#### [EXERCISE REQUIREMENTS]
Omit every picture. Return all other data as it stands.

**** RECORDS PROVIDED ****

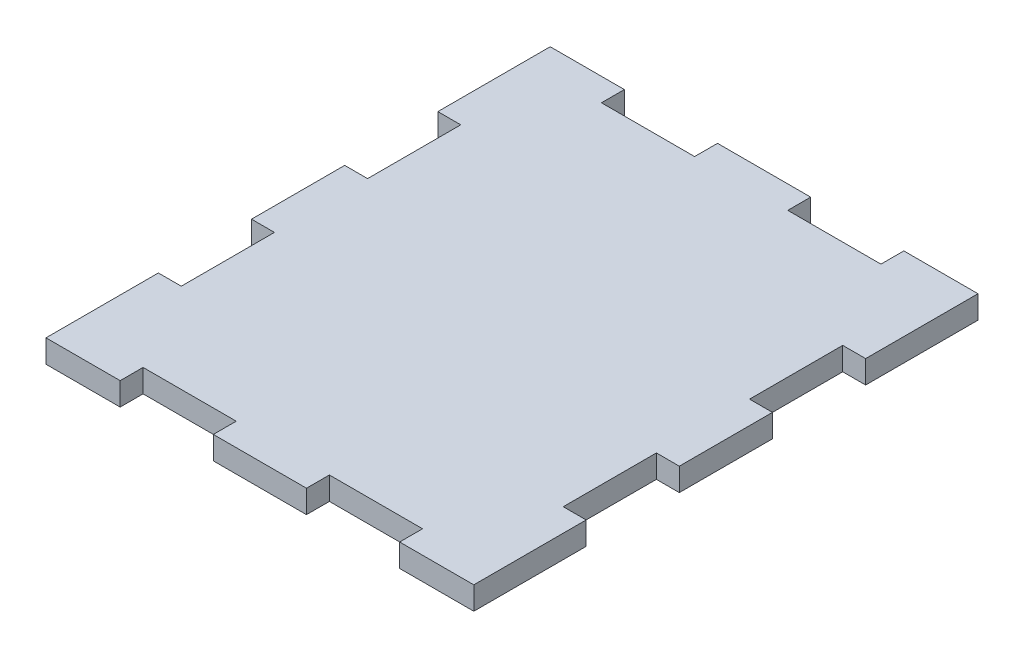
from build123d import *

# Parameters (mm, degrees)
BOSS_EXTRUDE1_DEPTH = 6


with BuildPart() as part:
    # Sketch2 → Boss-Extrude1 (new body)
    with BuildSketch(Plane(origin=(0, 0, 0), x_dir=(1, 0, 0), z_dir=(0, 1, 0))):
        Polygon((0, 270), (0, 240.585), (6, 240.585), (6, 216.195), (0, 216.195), (0, 191.805), (6, 191.805), (6, 167.415), (0, 167.415), (0, 143.025), (0, 138), (19.415, 138), (19.415, 144), (43.805, 144), (43.805, 138), (68.195, 138), (68.195, 144), (92.585, 144), (92.585, 138), (112, 138), (112, 167.415), (106, 167.415), (106, 191.805), (112, 191.805), (112, 216.195), (106, 216.195), (106, 240.585), (112, 240.585), (112, 264.975), (112, 270), (92.585, 270), (92.585, 264), (68.195, 264), (68.195, 270), (43.805, 270), (43.805, 264), (19.415, 264), (19.415, 270), align=None)
    extrude(amount=BOSS_EXTRUDE1_DEPTH)


solid = part.part

****

#### [RESPONSE TO THIS TASK]
from build123d import *

# Parameters (mm, degrees)
BOSS_EXTRUDE1_DEPTH = 6


with BuildPart() as part:
    # Sketch2 → Boss-Extrude1 (new body)
    with BuildSketch(Plane(origin=(0, 0, 0), x_dir=(1, 0, 0), z_dir=(0, 1, 0))):
        Polygon((0, 270), (0, 240.585), (6, 240.585), (6, 216.195), (0, 216.195), (0, 191.805), (6, 191.805), (6, 167.415), (0, 167.415), (0, 143.025), (0, 138), (19.415, 138), (19.415, 144), (43.805, 144), (43.805, 138), (68.195, 138), (68.195, 144), (92.585, 144), (92.585, 138), (112, 138), (112, 167.415), (106, 167.415), (106, 191.805), (112, 191.805), (112, 216.195), (106, 216.195), (106, 240.585), (112, 240.585), (112, 264.975), (112, 270), (92.585, 270), (92.585, 264), (68.195, 264), (68.195, 270), (43.805, 270), (43.805, 264), (19.415, 264), (19.415, 270), align=None)
    extrude(amount=BOSS_EXTRUDE1_DEPTH)


solid = part.part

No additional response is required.